Stored items
=== Begin Enclosure ===
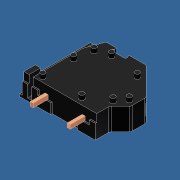
# Autodesk Inventor part: Wago 745-831 (32A) Black
Saved by Autodesk Inventor 2012 (Build 160160000, 160)
## iProperties
Category: PARTsolutions
Company: Team 801
Created: 2007-09-01
Part Number: Wago 745-831 (32A) Black
Catalog Web Link: www.team801.org
Description: 745-831 - MODULAR PCB TERMINAL BLOCK 2 SOLDER PINS / POLE PIN SPACING 7.5 MM / 0.295 IN
Document SubType Name: Modeling
Designer: Jeffrey M
Mass: 3.7945 g
Surface Area: 22.6287 cm^2
Volume: 3.7945 cm^3
Density: 1 g/cm^3
Material: Default
NB: 745-831
NN: 745-831
NT: MODULAR PCB TERMINAL BLOCK 2 SOLDER PINS / POLE PIN SPACING 7.5 MM / 0.295 IN
NBSYN: $BESTNR.
LINA: 745-831
BESTNR: 745-831
QUERSCHNITT1: 0.2 - 6
QUERSCHNITT2: 24 - 10
ABISOLIERLAENGE: 11 - 12
SPANNUNG: 400
BEMESSSTOSSSPG: 6
VERSCHMUTZGRAD: 3
STROM: 32
RM: 7.50
P: 1
HOEHE: 23.00
BREITE: 7.50
TIEFE: 29.10
ANZAHLKLEMMSTEL: 1
ANZAHLPOTENTIAL: 1
FARBE: grau
GEWICHT: 4.760
EAN: 4044918302609
BOHRLOCHDURCHM: 1,8 + 0,1 mm
RGB: 0.67,0.67,0.67,0
KT: DUMMY
PSOL_IDENT_0: {\\partserver001.servicenet\dplatte\cadenas\23d-libs\wago\pg04\serie745\0745-0831_0999-0962.prj},149
PSOL_IDENT_1: {VTYP=3D},{NB=745-831},{LINA=745-831},{NN=745-831},{DATE=10.04.2007 09:25:17},{GEOMDATE=13.06.2006}
PSOL_IDENT_2: ,{VERSION=},{LINEID=160},{LINESUBID=-1},{WBVAR=}  {NB=745-831},{LINA=745-831},{KT=DUMMY},{BESTNR=745
PSOL_IDENT_3: -831},{QUERSCHNITT1=0.2 - 6},{QUERSCHNITT2=24 - 10},{ABISOLIERLAENGE=11 - 12},{SPANNUNG=400},{BEMESS
PSOL_IDENT_4: STOSSSPG=6},{VERSCHMUTZGRAD=3},{STROM=32},{RM=7.50},{P=1},{HOEHE=23.00},{BREITE=7.50},{TIEFE=29.10},
PSOL_IDENT_5: {ANZAHLKLEMMSTEL=1},{ANZAHLPOTENTIAL=1},{FARBE=grau},{GEWICHT=4.760},{EAN=4044918302609},{BOHRLOCHDU
PSOL_IDENT_6: RCHM=1,8 + 0,1 mm},{RGB=0.67,0.67,0.67,0}
Title: Wago 745-831 (32A)
Author: Jeffrey M
Comments: MODULAR PCB TERMINAL BLOCK 2 SOLDER PINS / POLE PIN SPACING 7.5 MM / 0.295 IN
Autodesk Inventor part; units mm, degrees
ref_plane "YZ Plane" through (0, 0, 0) normal (1, 0, 0) x (0, 1, 0)
ref_plane "XZ Plane" through (0, 0, 0) normal (0, 1, 0) x (-1, 0, 0)
ref_plane "XY Plane" through (0, 0, 0) normal (0, 0, 1) x (1, 0, 0)
sketch "Skizze_1" plane through (0, 0, 0) normal (0, 0, 1) x (1, 0, 0)
  line L0 (-20.2, 0) -> (4.4, 0)
  line L1 (4.4, 0) -> (4.4, 4.3858)
  arc A0 (4.6929, 5.0929) -> (4.4, 4.3858) centre (5.4, 4.3858) ccw
  line L2 (4.6929, 5.0929) -> (7.7071, 8.1071)
  arc A1 (7.7071, 8.1071) -> (8, 8.8142) centre (7, 8.8142) ccw
  line L3 (8, 8.8142) -> (8, 13.1387)
  arc A2 (8, 13.1387) -> (7.7071, 13.8458) centre (7, 13.1387) ccw
  line L4 (7.7071, 13.8458) -> (-1.1542, 22.7071)
  arc A3 (-1.1542, 22.7071) -> (-1.8613, 23) centre (-1.8613, 22) ccw
  line L5 (-1.8613, 23) -> (-14.5499, 23)
  arc A4 (-14.5499, 23) -> (-15.0197, 22.671) centre (-14.5499, 22.5) ccw
  line L6 (-15.0197, 22.671) -> (-17.0733, 17.029)
  arc A5 (-17.5431, 16.7) -> (-17.0733, 17.029) centre (-17.5431, 17.2) ccw
  line L7 (-17.5431, 16.7) -> (-17.9972, 16.7)
  arc A6 (-18.4969, 17.1826) -> (-17.9972, 16.7) centre (-17.9972, 17.2) ccw
  line L8 (-18.4969, 17.1826) -> (-18.6899, 22.7105)
  arc A7 (-18.6899, 22.7105) -> (-18.9897, 23) centre (-18.9897, 22.7) ccw
  line L9 (-18.9897, 23) -> (-19.9, 23)
  arc A8 (-19.9, 23) -> (-20.2, 22.7) centre (-19.9, 22.7) ccw
  line L10 (-20.2, 22.7) -> (-20.2, 0)
  constraints: 22 end point, 18 point on circle, 9 centre point
extrude "Extrusion1" add sketch "Skizze_1" along normal blind 7.5
sketch "Skizze_2" plane through (0, 0, 0) normal (0, 0, 1) x (1, 0, 0)
  arc A0 (-11.4012, 22.3457) -> (-11.71, 23) centre (-11.71, 22.6) ccw
  line L0 (-11.4012, 22.3457) -> (-11.5282, 22.1915)
  arc A1 (-11.5282, 22.1915) -> (-11.2475, 21.3998) centre (-11.15, 21.88) ccw
  line L1 (-11.2475, 21.3998) -> (-11.15, 21.38)
  line L2 (-11.15, 21.38) -> (-7.25, 21.38)
  line L3 (-7.25, 21.38) -> (-7.1525, 21.3998)
  arc A2 (-7.1525, 21.3998) -> (-6.8718, 22.1915) centre (-7.25, 21.88) ccw
  line L4 (-6.8718, 22.1915) -> (-6.9988, 22.3457)
  arc A3 (-6.69, 23) -> (-6.9988, 22.3457) centre (-6.69, 22.6) ccw
  line L5 (-6.69, 23) -> (-11.71, 23)
  constraints: 12 end point, 8 point on circle, 4 centre point
extrude "Extrusion2" cut sketch "Skizze_2" along normal blind 7.5
sketch "Skizze_3" plane through (0, 0, 0) normal (0, 0, 1) x (1, 0, 0)
  line L0 (-21.1, 0) -> (-19.2, 0)
  line L1 (-19.2, 0) -> (-19.2, 23)
  line L2 (-19.2, 23) -> (-19.9, 23)
  arc A0 (-19.9, 23) -> (-21.1, 21.8) centre (-19.9, 21.8) ccw
  line L3 (-21.1, 21.8) -> (-21.1, 17.9727)
  line L4 (-21.1, 17.9727) -> (-20.2, 15.5)
  line L5 (-20.2, 15.5) -> (-20.2, 8.5)
  line L6 (-20.2, 8.5) -> (-21.1, 6.0273)
  line L7 (-21.1, 6.0273) -> (-21.1, 0)
  constraints: 16 end point, 2 point on circle, 1 centre point
extrude "Extrusion3" add sketch "Skizze_3" along normal blind 0.8
sketch "Skizze_4" plane through (0, 0, 7.5) normal (0, 0, 1) x (1, 0, 0)
  line L0 (-18.7, 23) -> (-18.4, 14.4091)
  line L1 (-18.4, 14.4091) -> (-18.4, 0)
  line L2 (-18.4, 0) -> (-17, 0)
  line L3 (-17, 0) -> (-17, 23)
  line L4 (-17, 23) -> (-18.7, 23)
  constraints: 10 end point
extrude "Extrusion4" cut sketch "Skizze_4" against normal blind 6.6
sketch "Skizze_5" plane through (0, 0, 7.5) normal (0, 0, 1) x (1, 0, 0)
  line L0 (-20.2, 4.4) -> (-18.4, 4.4)
  line L1 (-18.4, 4.4) -> (-18.4, 27.4)
  line L2 (-18.4, 27.4) -> (-20.2, 27.4)
  line L3 (-20.2, 27.4) -> (-20.2, 4.4)
  constraints: 8 end point
extrude "Extrusion5" cut sketch "Skizze_5" against normal blind 2.8
sketch "Skizze_7" plane through (0, 0, 7.5) normal (0, 0, 1) x (1, 0, 0)
  line L0 (-19.4, 23) -> (-19.4, 21.5)
  line L1 (-19.4, 21.5) -> (-18.4, 21.5)
  line L2 (-18.4, 21.5) -> (-18.4, 23)
  line L3 (-18.4, 23) -> (-19.4, 23)
  constraints: 8 end point
extrude "Extrusion6" cut sketch "Skizze_7" against normal blind 6.3
sketch "Skizze_8" plane through (0, 0, 7.5) normal (0, 0, 1) x (1, 0, 0)
  circle A0 centre (6.2, 9.7) radius 0.8
  constraints: 1 centre point
extrude "Extrusion7" add sketch "Skizze_8" along normal blind 1.5
sketch "Skizze_9" plane through (0, 0, 7.5) normal (0, 0, 1) x (1, 0, 0)
  circle A0 centre (3.7, 6.7) radius 0.8
  constraints: 1 centre point
extrude "Extrusion8" add sketch "Skizze_9" along normal blind 1.5
sketch "Skizze_10" plane through (0, 0, 7.5) normal (0, 0, 1) x (1, 0, 0)
  circle A0 centre (-2.5, 2.4) radius 0.8
  constraints: 1 centre point
extrude "Extrusion9" add sketch "Skizze_10" along normal blind 1.5
sketch "Skizze_11" plane through (0, 0, 7.5) normal (0, 0, 1) x (1, 0, 0)
  circle A0 centre (-15.2, 1.9) radius 0.8
  constraints: 1 centre point
extrude "Extrusion10" add sketch "Skizze_11" along normal blind 1.5
sketch "Skizze_12" plane through (0, 0, 7.5) normal (0, 0, 1) x (1, 0, 0)
  circle A0 centre (-15.2, 12.3) radius 0.8
  constraints: 1 centre point
extrude "Extrusion11" add sketch "Skizze_12" along normal blind 1.5
sketch "Skizze_13" plane through (0, 0, 7.5) normal (0, 0, 1) x (1, 0, 0)
  circle A0 centre (-14.1, 18.1) radius 0.8
  constraints: 1 centre point
extrude "Extrusion12" add sketch "Skizze_13" along normal blind 1.5
sketch "Skizze_14" plane through (0, 0, 7.5) normal (0, 0, 1) x (1, 0, 0)
  circle A0 centre (-9.7, 19.6) radius 0.8
  constraints: 1 centre point
extrude "Extrusion13" add sketch "Skizze_14" along normal blind 1.5
sketch "Skizze_15" plane through (0, 0, 7.5) normal (0, 0, 1) x (1, 0, 0)
  circle A0 centre (0.7, 17.9) radius 0.8
  constraints: 1 centre point
extrude "Extrusion14" add sketch "Skizze_15" along normal blind 1.5
sketch "Skizze_6" plane through (0, 0, 2.4) normal (0, 0, 1) x (1, 0, 0)
  arc A0 (-17.2598, 21.95) -> (-17, 21.5) centre (-17, 21.8) ccw
  line L0 (-17, 21.5) -> (-17, 16.5)
  line L1 (-17, 16.5) -> (-13.9, 16.5)
  line L2 (-13.9, 16.5) -> (-13.9, 23)
  line L3 (-13.9, 23) -> (-16.3649, 23)
  arc A1 (-16.3649, 23) -> (-16.7979, 22.75) centre (-16.3649, 22.5) ccw
  line L4 (-16.7979, 22.75) -> (-17.2598, 21.95)
  constraints: 10 end point, 4 point on circle, 2 centre point
extrude "Extrusion15" add sketch "Skizze_6" along normal blind 3.5
sketch "Skizze_16" plane through (0, 0, 0) normal (0, 1, 0) x (-1, 0, 0)
  line L0 (20.2, 4.9) -> (20.2, 7.5)
  line L1 (20.2, 7.5) -> (-4.4, 7.5)
  line L2 (-4.4, 7.5) -> (-4.4, 4.9)
  line L3 (-4.4, 4.9) -> (-2.4, 4.9)
  line L4 (-2.4, 4.9) -> (-2.4, 3.4)
  line L5 (-2.4, 3.4) -> (1.6, 3.4)
  line L6 (1.6, 3.4) -> (1.6, 0)
  line L7 (1.6, 0) -> (10.6, 0)
  line L8 (10.6, 0) -> (10.6, 3.4)
  line L9 (10.6, 3.4) -> (15, 3.4)
  line L10 (15, 3.4) -> (15, 4.9)
  line L11 (15, 4.9) -> (17, 4.9)
  line L12 (17, 4.9) -> (17, 2.8)
  line L13 (17, 2.8) -> (18.4, 2.8)
  line L14 (18.4, 2.8) -> (18.4, 4.9)
  line L15 (18.4, 4.9) -> (20.2, 4.9)
  constraints: 32 end point
extrude "Extrusion16" cut sketch "Skizze_16" along normal blind 0.5
sketch "Skizze_17" plane through (0, 0, 0) normal (0, 1, 0) x (-1, 0, 0)
  line L0 (0.5, 3.45) -> (0.5, 4.85)
  line L1 (0.5, 4.85) -> (-0.5, 4.85)
  line L2 (-0.5, 4.85) -> (-0.5, 3.45)
  line L3 (-0.5, 3.45) -> (0.5, 3.45)
  constraints: 8 end point
extrude "Extrusion17" add sketch "Skizze_17" along normal mid plane 9
pattern_linear "Rectangular Pattern1" count 2 spacing 12.5 along (-1, 0, 0) of "Extrusion17"
sketch "Skizze_19" plane through (0, 0, 3.75) normal (0, 0, 1) x (1, 0, 0)
  line L0 (4.2704, 14.4541) -> (5.6846, 15.8683)
  line L1 (5.6846, 15.8683) -> (8.2302, 13.3227)
  line L2 (8.2302, 13.3227) -> (7.6506, 13.1674)
  line L3 (7.6506, 13.1674) -> (6.6038, 12.1206)
  line L4 (6.6038, 12.1206) -> (4.2704, 14.4541)
  line L5 (4.2704, 14.4541) -> (5.6846, 15.8683)
  constraints: 12 end point
revolve "Revolution1" cut sketch "Skizze_19" angle 360 about axis through (4.2704, 14.4541, 3.75) along (-0.7071, -0.7071, 0)
sketch "Skizze_20" plane through (0, 0, 4.5) normal (0, 0, 1) x (1, 0, 0)
  line L0 (1.8662, 19.6867) -> (0.452, 18.2725)
  line L1 (0.452, 18.2725) -> (-0.3612, 19.0856)
  line L2 (-0.3612, 19.0856) -> (0.6244, 20.0712)
  line L3 (0.6244, 20.0712) -> (0.8056, 20.7473)
  line L4 (0.8056, 20.7473) -> (1.8662, 19.6867)
  line L5 (1.8662, 19.6867) -> (0.452, 18.2725)
  constraints: 12 end point
revolve "Revolution2" cut sketch "Skizze_20" angle 360 about axis through (1.8662, 19.6867, 4.5) along (0.7071, 0.7071, 0)
sketch "Skizze_21" plane through (0, 0, 0.9) normal (0, 0, 1) x (1, 0, 0)
  line L0 (-5.5179, 21) -> (-2.2755, 21)
  line L1 (-2.2755, 21) -> (-0.644, 19.3685)
  line L2 (-0.644, 19.3685) -> (0.7702, 20.7827)
  line L3 (0.7702, 20.7827) -> (-1.4471, 23)
  line L4 (-1.4471, 23) -> (-4.4836, 23)
  arc A0 (-4.2007, 22.3172) -> (-4.4836, 23) centre (-4.4836, 22.6) ccw
  line L5 (-4.2007, 22.3172) -> (-5.5179, 21)
  constraints: 12 end point, 2 point on circle, 1 centre point
extrude "Extrusion18" cut sketch "Skizze_21" along normal blind 5.8
sketch "Sketch21" plane through (4.2704, 14.4541, 3.75) normal (0.7071, 0.7071, 0) x (-0.7071, 0.7071, 0)
  circle A0 centre (0, 0) radius 3.3 projected
body "Solid1"
=== End Enclosure ===
Give the number of lines in the entries above that include the word "Inventor", and nothing more.

**WRITTEN SOLUTION:**
3